Sexual dysfunction secondary to the use of antidepressants, especially clomipramine or SSRI's is an adverse effect that is often underestimated and according to earlier studies, this can affect approximately 60% of the patients. This presents as a decrease in libido, alterations in the ability to reach orgasm/ejaculation, and an erectile dysfunction or a decreased vaginal lubrication. This dysfunction appears to be related with the resulting increase in serotonin and with the stimulation of serotonin 5HT2 receptors.
Objectives: 1) Evaluate the effect of amineptine, a drug with an increased dopamine transmission and scant serotonin transmission, on the sexual function of depressed patients who begin treatment, and 2) evaluate whether the change to amineptine improves the sexual function in patients who presented sexual dysfunction after beginning treatment with a SSRI.
Material and methods: Prospective, observational, open and multicentric design. 111 patients with an average age of 41.3 years (36 men, 75 women) were distributed into three groups: Group 1 (n= 26): patients with depression (DSM IV) who begin de novo treatment with amineptine 200 mg/day. Group 2 (n= 47): depressed patients undergoing treatment with a SSRI who show a favorable response and who present sexual dysfunction secondary to a poorly tolerated treatment, so the treatment is changed to 200 mg/day of amineptine. Group 3 (n= 38): patients with the same characteristics as those of group 2, but whose treatment was changed to 20 mg/day of paroxetine. The <<Questionnaire for the Measure of Sexual Dysfunction Secondary to the use of Psychotropic Drugs>> (Montejo et al, 1996) was used together with the Hamilton Depression Scale, the IGC Scale, and an adverse events scale, over a 6 months follow up period during which visits took place at: baseline, month 1, month 2, month 3, and month 6.

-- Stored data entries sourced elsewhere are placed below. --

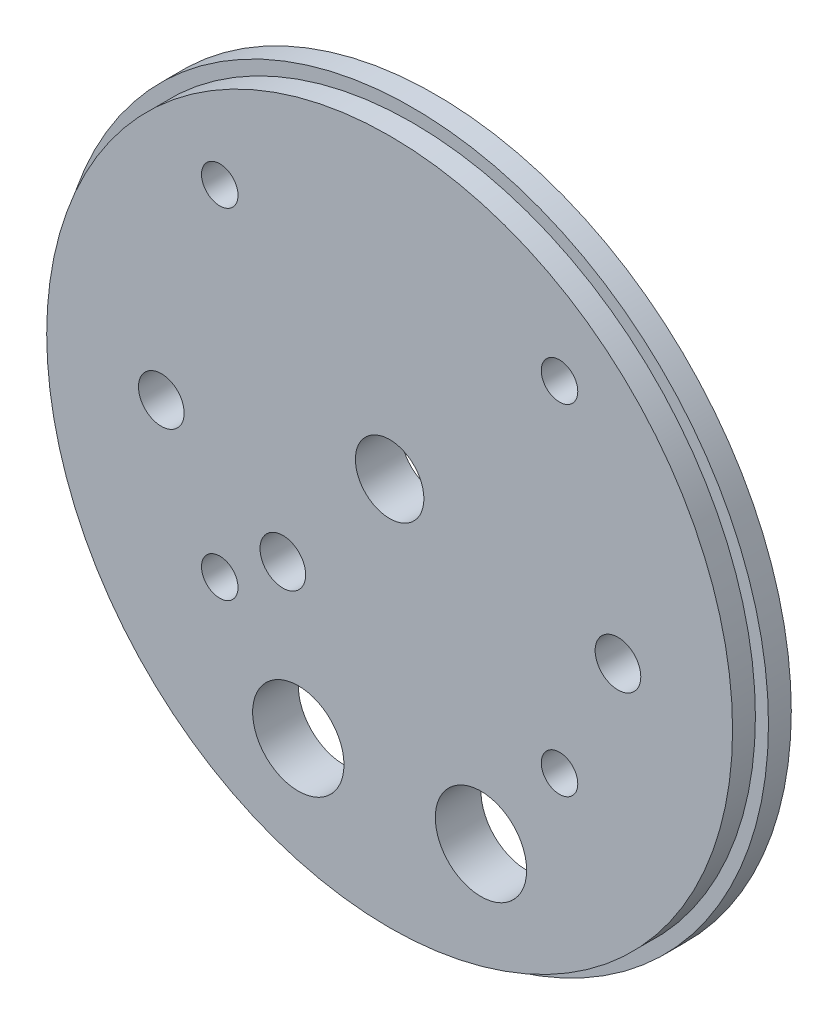
ISO-10303-21;
HEADER;
FILE_DESCRIPTION(('STEP AP214'),'2;1');
FILE_NAME('part.step','',(''),(''),'','','');
FILE_SCHEMA(('AUTOMOTIVE_DESIGN { 1 0 10303 214 1 1 1 1 }'));
ENDSEC;
DATA;
#1=APPLICATION_CONTEXT('core data for automotive mechanical design processes');
#2=APPLICATION_PROTOCOL_DEFINITION('international standard','automotive_design',2000,#1);
#3=PRODUCT_CONTEXT('',#1,'mechanical');
#4=PRODUCT('Part','Part','',(#3));
#5=PRODUCT_RELATED_PRODUCT_CATEGORY('part','',(#4));
#6=PRODUCT_DEFINITION_FORMATION('','',#4);
#7=PRODUCT_DEFINITION_CONTEXT('part definition',#1,'design');
#8=PRODUCT_DEFINITION('design','',#6,#7);
#9=PRODUCT_DEFINITION_SHAPE('','',#8);
#10=(LENGTH_UNIT() NAMED_UNIT(*) SI_UNIT(.MILLI.,.METRE.));
#11=(NAMED_UNIT(*) PLANE_ANGLE_UNIT() SI_UNIT($,.RADIAN.));
#12=(NAMED_UNIT(*) SI_UNIT($,.STERADIAN.) SOLID_ANGLE_UNIT());
#13=UNCERTAINTY_MEASURE_WITH_UNIT(LENGTH_MEASURE(1.E-05),#10,'distance_accuracy_value','');
#14=(GEOMETRIC_REPRESENTATION_CONTEXT(3) GLOBAL_UNCERTAINTY_ASSIGNED_CONTEXT((#13)) GLOBAL_UNIT_ASSIGNED_CONTEXT((#10,
#11,#12)) REPRESENTATION_CONTEXT('',''));
#15=CARTESIAN_POINT('',(0.,0.,0.));
#16=DIRECTION('',(0.,0.,1.));
#17=DIRECTION('',(1.,0.,0.));
#18=AXIS2_PLACEMENT_3D('',#15,#16,#17);
#19=CARTESIAN_POINT('',(0.,0.,3.175));
#20=DIRECTION('',(0.,0.,-1.));
#21=DIRECTION('',(-1.,0.,0.));
#22=AXIS2_PLACEMENT_3D('',#19,#20,#21);
#23=CYLINDRICAL_SURFACE('',#22,49.5046);
#24=CARTESIAN_POINT('',(0.,0.,3.175));
#25=DIRECTION('',(0.,0.,1.));
#26=DIRECTION('',(1.,0.,0.));
#27=AXIS2_PLACEMENT_3D('',#24,#25,#26);
#28=CIRCLE('',#27,49.5046);
#29=CARTESIAN_POINT('',(49.5046,0.,3.175));
#30=VERTEX_POINT('',#29);
#31=EDGE_CURVE('E42',#30,#30,#28,.T.);
#32=ORIENTED_EDGE('',*,*,#31,.F.);
#33=EDGE_LOOP('',(#32));
#34=FACE_BOUND('',#33,.T.);
#35=CARTESIAN_POINT('',(0.,0.,0.));
#36=DIRECTION('',(0.,0.,1.));
#37=DIRECTION('',(1.,0.,0.));
#38=AXIS2_PLACEMENT_3D('',#35,#36,#37);
#39=CIRCLE('',#38,49.5046);
#40=CARTESIAN_POINT('',(49.5046,0.,0.));
#41=VERTEX_POINT('',#40);
#42=EDGE_CURVE('E38',#41,#41,#39,.T.);
#43=ORIENTED_EDGE('',*,*,#42,.T.);
#44=EDGE_LOOP('',(#43));
#45=FACE_BOUND('',#44,.T.);
#46=ADVANCED_FACE('F35',(#34,#45),#23,.T.);
#47=CARTESIAN_POINT('',(0.,0.,3.175));
#48=DIRECTION('',(0.,0.,1.));
#49=DIRECTION('',(1.,0.,0.));
#50=AXIS2_PLACEMENT_3D('',#47,#48,#49);
#51=PLANE('',#50);
#52=CARTESIAN_POINT('',(0.,0.,3.175));
#53=DIRECTION('',(0.,0.,1.));
#54=DIRECTION('',(1.,0.,0.));
#55=AXIS2_PLACEMENT_3D('',#52,#53,#54);
#56=CIRCLE('',#55,47.6885);
#57=CARTESIAN_POINT('',(47.6885,0.,3.175));
#58=VERTEX_POINT('',#57);
#59=EDGE_CURVE('E10',#58,#58,#56,.T.);
#60=ORIENTED_EDGE('',*,*,#59,.F.);
#61=EDGE_LOOP('',(#60));
#62=FACE_BOUND('',#61,.T.);
#63=ORIENTED_EDGE('',*,*,#31,.T.);
#64=EDGE_LOOP('',(#63));
#65=FACE_BOUND('',#64,.T.);
#66=ADVANCED_FACE('F138',(#62,#65),#51,.T.);
#67=CARTESIAN_POINT('',(0.,0.,0.));
#68=DIRECTION('',(0.,0.,1.));
#69=DIRECTION('',(1.,0.,0.));
#70=AXIS2_PLACEMENT_3D('',#67,#68,#69);
#71=PLANE('',#70);
#72=CARTESIAN_POINT('',(-23.622,-17.272,0.));
#73=DIRECTION('',(0.,0.,1.));
#74=DIRECTION('',(1.,0.,0.));
#75=AXIS2_PLACEMENT_3D('',#72,#73,#74);
#76=CIRCLE('',#75,2.54);
#77=CARTESIAN_POINT('',(-21.082,-17.272,0.));
#78=VERTEX_POINT('',#77);
#79=EDGE_CURVE('E85',#78,#78,#76,.T.);
#80=ORIENTED_EDGE('',*,*,#79,.T.);
#81=EDGE_LOOP('',(#80));
#82=FACE_BOUND('',#81,.T.);
#83=CARTESIAN_POINT('',(23.622,-17.272,0.));
#84=DIRECTION('',(0.,0.,1.));
#85=DIRECTION('',(1.,0.,0.));
#86=AXIS2_PLACEMENT_3D('',#83,#84,#85);
#87=CIRCLE('',#86,2.54);
#88=CARTESIAN_POINT('',(26.162,-17.272,0.));
#89=VERTEX_POINT('',#88);
#90=EDGE_CURVE('E92',#89,#89,#87,.T.);
#91=ORIENTED_EDGE('',*,*,#90,.T.);
#92=EDGE_LOOP('',(#91));
#93=FACE_BOUND('',#92,.T.);
#94=CARTESIAN_POINT('',(23.622,29.972,0.));
#95=DIRECTION('',(0.,0.,1.));
#96=DIRECTION('',(1.,0.,0.));
#97=AXIS2_PLACEMENT_3D('',#94,#95,#96);
#98=CIRCLE('',#97,2.54);
#99=CARTESIAN_POINT('',(26.162,29.972,0.));
#100=VERTEX_POINT('',#99);
#101=EDGE_CURVE('E98',#100,#100,#98,.T.);
#102=ORIENTED_EDGE('',*,*,#101,.T.);
#103=EDGE_LOOP('',(#102));
#104=FACE_BOUND('',#103,.T.);
#105=CARTESIAN_POINT('',(-23.622,29.972,0.));
#106=DIRECTION('',(0.,0.,1.));
#107=DIRECTION('',(1.,0.,0.));
#108=AXIS2_PLACEMENT_3D('',#105,#106,#107);
#109=CIRCLE('',#108,2.54);
#110=CARTESIAN_POINT('',(-21.082,29.972,0.));
#111=VERTEX_POINT('',#110);
#112=EDGE_CURVE('E74',#111,#111,#109,.T.);
#113=ORIENTED_EDGE('',*,*,#112,.T.);
#114=EDGE_LOOP('',(#113));
#115=FACE_BOUND('',#114,.T.);
#116=CARTESIAN_POINT('',(12.7,-31.2353524431853,0.));
#117=DIRECTION('',(0.,0.,1.));
#118=DIRECTION('',(1.,0.,0.));
#119=AXIS2_PLACEMENT_3D('',#116,#117,#118);
#120=CIRCLE('',#119,6.35);
#121=CARTESIAN_POINT('',(19.05,-31.2353524431853,0.));
#122=VERTEX_POINT('',#121);
#123=EDGE_CURVE('E55',#122,#122,#120,.T.);
#124=ORIENTED_EDGE('',*,*,#123,.T.);
#125=EDGE_LOOP('',(#124));
#126=FACE_BOUND('',#125,.T.);
#127=CARTESIAN_POINT('',(-31.75,0.,0.));
#128=DIRECTION('',(0.,0.,1.));
#129=DIRECTION('',(1.,0.,0.));
#130=AXIS2_PLACEMENT_3D('',#127,#128,#129);
#131=CIRCLE('',#130,3.175);
#132=CARTESIAN_POINT('',(-28.575,0.,0.));
#133=VERTEX_POINT('',#132);
#134=EDGE_CURVE('E61',#133,#133,#131,.T.);
#135=ORIENTED_EDGE('',*,*,#134,.T.);
#136=EDGE_LOOP('',(#135));
#137=FACE_BOUND('',#136,.T.);
#138=CARTESIAN_POINT('',(31.75,0.,0.));
#139=DIRECTION('',(0.,0.,1.));
#140=DIRECTION('',(1.,0.,0.));
#141=AXIS2_PLACEMENT_3D('',#138,#139,#140);
#142=CIRCLE('',#141,3.17500000000001);
#143=CARTESIAN_POINT('',(34.925,0.,0.));
#144=VERTEX_POINT('',#143);
#145=EDGE_CURVE('E62',#144,#144,#142,.T.);
#146=ORIENTED_EDGE('',*,*,#145,.T.);
#147=EDGE_LOOP('',(#146));
#148=FACE_BOUND('',#147,.T.);
#149=CARTESIAN_POINT('',(-14.8503900513557,-11.029456703896,0.));
#150=DIRECTION('',(0.,0.,1.));
#151=DIRECTION('',(1.,0.,0.));
#152=AXIS2_PLACEMENT_3D('',#149,#150,#151);
#153=CIRCLE('',#152,3.175);
#154=CARTESIAN_POINT('',(-11.6753900513557,-11.029456703896,0.));
#155=VERTEX_POINT('',#154);
#156=EDGE_CURVE('E73',#155,#155,#153,.T.);
#157=ORIENTED_EDGE('',*,*,#156,.T.);
#158=EDGE_LOOP('',(#157));
#159=FACE_BOUND('',#158,.T.);
#160=CARTESIAN_POINT('',(0.,6.35,0.));
#161=DIRECTION('',(0.,0.,1.));
#162=DIRECTION('',(1.,0.,0.));
#163=AXIS2_PLACEMENT_3D('',#160,#161,#162);
#164=CIRCLE('',#163,4.7625);
#165=CARTESIAN_POINT('',(4.7625,6.35,0.));
#166=VERTEX_POINT('',#165);
#167=EDGE_CURVE('E86',#166,#166,#164,.T.);
#168=ORIENTED_EDGE('',*,*,#167,.T.);
#169=EDGE_LOOP('',(#168));
#170=FACE_BOUND('',#169,.T.);
#171=CARTESIAN_POINT('',(-12.7,-31.2353524431853,0.));
#172=DIRECTION('',(0.,0.,1.));
#173=DIRECTION('',(1.,0.,0.));
#174=AXIS2_PLACEMENT_3D('',#171,#172,#173);
#175=CIRCLE('',#174,6.35);
#176=CARTESIAN_POINT('',(-6.35,-31.2353524431853,0.));
#177=VERTEX_POINT('',#176);
#178=EDGE_CURVE('E51',#177,#177,#175,.T.);
#179=ORIENTED_EDGE('',*,*,#178,.T.);
#180=EDGE_LOOP('',(#179));
#181=FACE_BOUND('',#180,.T.);
#182=ORIENTED_EDGE('',*,*,#42,.F.);
#183=EDGE_LOOP('',(#182));
#184=FACE_BOUND('',#183,.T.);
#185=ADVANCED_FACE('F112',(#82,#93,#104,#115,#126,#137,#148,#159,#170,#181,#184),#71,.F.);
#186=CARTESIAN_POINT('',(0.,0.,6.35));
#187=DIRECTION('',(0.,0.,-1.));
#188=DIRECTION('',(-1.,0.,0.));
#189=AXIS2_PLACEMENT_3D('',#186,#187,#188);
#190=CYLINDRICAL_SURFACE('',#189,47.6885);
#191=CARTESIAN_POINT('',(0.,0.,6.35));
#192=DIRECTION('',(0.,0.,1.));
#193=DIRECTION('',(1.,0.,0.));
#194=AXIS2_PLACEMENT_3D('',#191,#192,#193);
#195=CIRCLE('',#194,47.6885);
#196=CARTESIAN_POINT('',(47.6885,0.,6.35));
#197=VERTEX_POINT('',#196);
#198=EDGE_CURVE('E48',#197,#197,#195,.T.);
#199=ORIENTED_EDGE('',*,*,#198,.F.);
#200=EDGE_LOOP('',(#199));
#201=FACE_BOUND('',#200,.T.);
#202=ORIENTED_EDGE('',*,*,#59,.T.);
#203=EDGE_LOOP('',(#202));
#204=FACE_BOUND('',#203,.T.);
#205=ADVANCED_FACE('F126',(#201,#204),#190,.T.);
#206=CARTESIAN_POINT('',(0.,0.,6.35));
#207=DIRECTION('',(0.,0.,1.));
#208=DIRECTION('',(1.,0.,0.));
#209=AXIS2_PLACEMENT_3D('',#206,#207,#208);
#210=PLANE('',#209);
#211=CARTESIAN_POINT('',(-23.622,-17.272,6.35));
#212=DIRECTION('',(0.,0.,1.));
#213=DIRECTION('',(1.,0.,0.));
#214=AXIS2_PLACEMENT_3D('',#211,#212,#213);
#215=CIRCLE('',#214,2.54);
#216=CARTESIAN_POINT('',(-21.082,-17.272,6.35));
#217=VERTEX_POINT('',#216);
#218=EDGE_CURVE('E82',#217,#217,#215,.T.);
#219=ORIENTED_EDGE('',*,*,#218,.F.);
#220=EDGE_LOOP('',(#219));
#221=FACE_BOUND('',#220,.T.);
#222=CARTESIAN_POINT('',(23.622,-17.272,6.35));
#223=DIRECTION('',(0.,0.,1.));
#224=DIRECTION('',(1.,0.,0.));
#225=AXIS2_PLACEMENT_3D('',#222,#223,#224);
#226=CIRCLE('',#225,2.54);
#227=CARTESIAN_POINT('',(26.162,-17.272,6.35));
#228=VERTEX_POINT('',#227);
#229=EDGE_CURVE('E89',#228,#228,#226,.T.);
#230=ORIENTED_EDGE('',*,*,#229,.F.);
#231=EDGE_LOOP('',(#230));
#232=FACE_BOUND('',#231,.T.);
#233=CARTESIAN_POINT('',(23.622,29.972,6.35));
#234=DIRECTION('',(0.,0.,1.));
#235=DIRECTION('',(1.,0.,0.));
#236=AXIS2_PLACEMENT_3D('',#233,#234,#235);
#237=CIRCLE('',#236,2.54);
#238=CARTESIAN_POINT('',(26.162,29.972,6.35));
#239=VERTEX_POINT('',#238);
#240=EDGE_CURVE('E95',#239,#239,#237,.T.);
#241=ORIENTED_EDGE('',*,*,#240,.F.);
#242=EDGE_LOOP('',(#241));
#243=FACE_BOUND('',#242,.T.);
#244=CARTESIAN_POINT('',(-23.622,29.972,6.35));
#245=DIRECTION('',(0.,0.,1.));
#246=DIRECTION('',(1.,0.,0.));
#247=AXIS2_PLACEMENT_3D('',#244,#245,#246);
#248=CIRCLE('',#247,2.54);
#249=CARTESIAN_POINT('',(-21.082,29.972,6.35));
#250=VERTEX_POINT('',#249);
#251=EDGE_CURVE('E101',#250,#250,#248,.T.);
#252=ORIENTED_EDGE('',*,*,#251,.F.);
#253=EDGE_LOOP('',(#252));
#254=FACE_BOUND('',#253,.T.);
#255=CARTESIAN_POINT('',(12.7,-31.2353524431853,6.35));
#256=DIRECTION('',(0.,0.,1.));
#257=DIRECTION('',(1.,0.,0.));
#258=AXIS2_PLACEMENT_3D('',#255,#256,#257);
#259=CIRCLE('',#258,6.35);
#260=CARTESIAN_POINT('',(19.05,-31.2353524431853,6.35));
#261=VERTEX_POINT('',#260);
#262=EDGE_CURVE('E65',#261,#261,#259,.T.);
#263=ORIENTED_EDGE('',*,*,#262,.F.);
#264=EDGE_LOOP('',(#263));
#265=FACE_BOUND('',#264,.T.);
#266=CARTESIAN_POINT('',(-31.75,0.,6.35));
#267=DIRECTION('',(0.,0.,1.));
#268=DIRECTION('',(1.,0.,0.));
#269=AXIS2_PLACEMENT_3D('',#266,#267,#268);
#270=CIRCLE('',#269,3.175);
#271=CARTESIAN_POINT('',(-28.575,0.,6.35));
#272=VERTEX_POINT('',#271);
#273=EDGE_CURVE('E58',#272,#272,#270,.T.);
#274=ORIENTED_EDGE('',*,*,#273,.F.);
#275=EDGE_LOOP('',(#274));
#276=FACE_BOUND('',#275,.T.);
#277=CARTESIAN_POINT('',(31.75,0.,6.35));
#278=DIRECTION('',(0.,0.,1.));
#279=DIRECTION('',(1.,0.,0.));
#280=AXIS2_PLACEMENT_3D('',#277,#278,#279);
#281=CIRCLE('',#280,3.17500000000001);
#282=CARTESIAN_POINT('',(34.925,0.,6.35));
#283=VERTEX_POINT('',#282);
#284=EDGE_CURVE('E77',#283,#283,#281,.T.);
#285=ORIENTED_EDGE('',*,*,#284,.F.);
#286=EDGE_LOOP('',(#285));
#287=FACE_BOUND('',#286,.T.);
#288=CARTESIAN_POINT('',(-14.8503900513557,-11.029456703896,6.35));
#289=DIRECTION('',(0.,0.,1.));
#290=DIRECTION('',(1.,0.,0.));
#291=AXIS2_PLACEMENT_3D('',#288,#289,#290);
#292=CIRCLE('',#291,3.175);
#293=CARTESIAN_POINT('',(-11.6753900513557,-11.029456703896,6.35));
#294=VERTEX_POINT('',#293);
#295=EDGE_CURVE('E70',#294,#294,#292,.T.);
#296=ORIENTED_EDGE('',*,*,#295,.F.);
#297=EDGE_LOOP('',(#296));
#298=FACE_BOUND('',#297,.T.);
#299=CARTESIAN_POINT('',(0.,6.35,6.35));
#300=DIRECTION('',(0.,0.,1.));
#301=DIRECTION('',(1.,0.,0.));
#302=AXIS2_PLACEMENT_3D('',#299,#300,#301);
#303=CIRCLE('',#302,4.7625);
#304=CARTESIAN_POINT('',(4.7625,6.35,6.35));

Results: In group 1, treated with amineptine from the beginning, of the 5 patients who showed a decrease in the libido at the beginning of the treatment, only one still presented this in the 6th month. The Hamilton Scale decreased from 23.12 (baseline) to 5.25 after 6 months. After substituting amineptine for SSRI's in patients with sexual dysfunction, the incidence of any type of sexual dysfunction decreased significantly from 100% (baseline) to 55.3% after 6 months. (P< 0.001). The incidence of delayed orgasm dropped to 15.8%, anorgasmia to 17.4%, and impotence dropped to 15.8% in this group, with the antidepressant effect that had already been achieved with the SSRI being maintained. However, in group 3 there was barely any improvement on the sexual function after changing to paroxetine (20 mg/day), with the baseline incidence being 100% and the incidence after 6 months being 89.7%. In this last group the antidepressant effect present at the baseline level, was maintained.
Conclusions: Amineptine was shown to be an effective antidepressant in the patients studied, and did not cause secondary sexual dysfunction, and even improved the dysfunction that was present in some patients. In those patients previously treated with SSRI's, amineptine is able to significantly improve the sexual dysfunction and yet maintain the efficacy of the antidepressive treatment used before these 6 months. On the other hand, Paroxetine did not improve the sexual dysfunction of the people in whom this drug substituted another SSRI, as this is an adverse effect common to the entire group of selective serotonin re-uptake inhibiting drugs. Amineptine showed a good safety and tolerance profile. Its most common side effect (anxiety/restlessness) disappeared 2 months after the beginning of the treatment.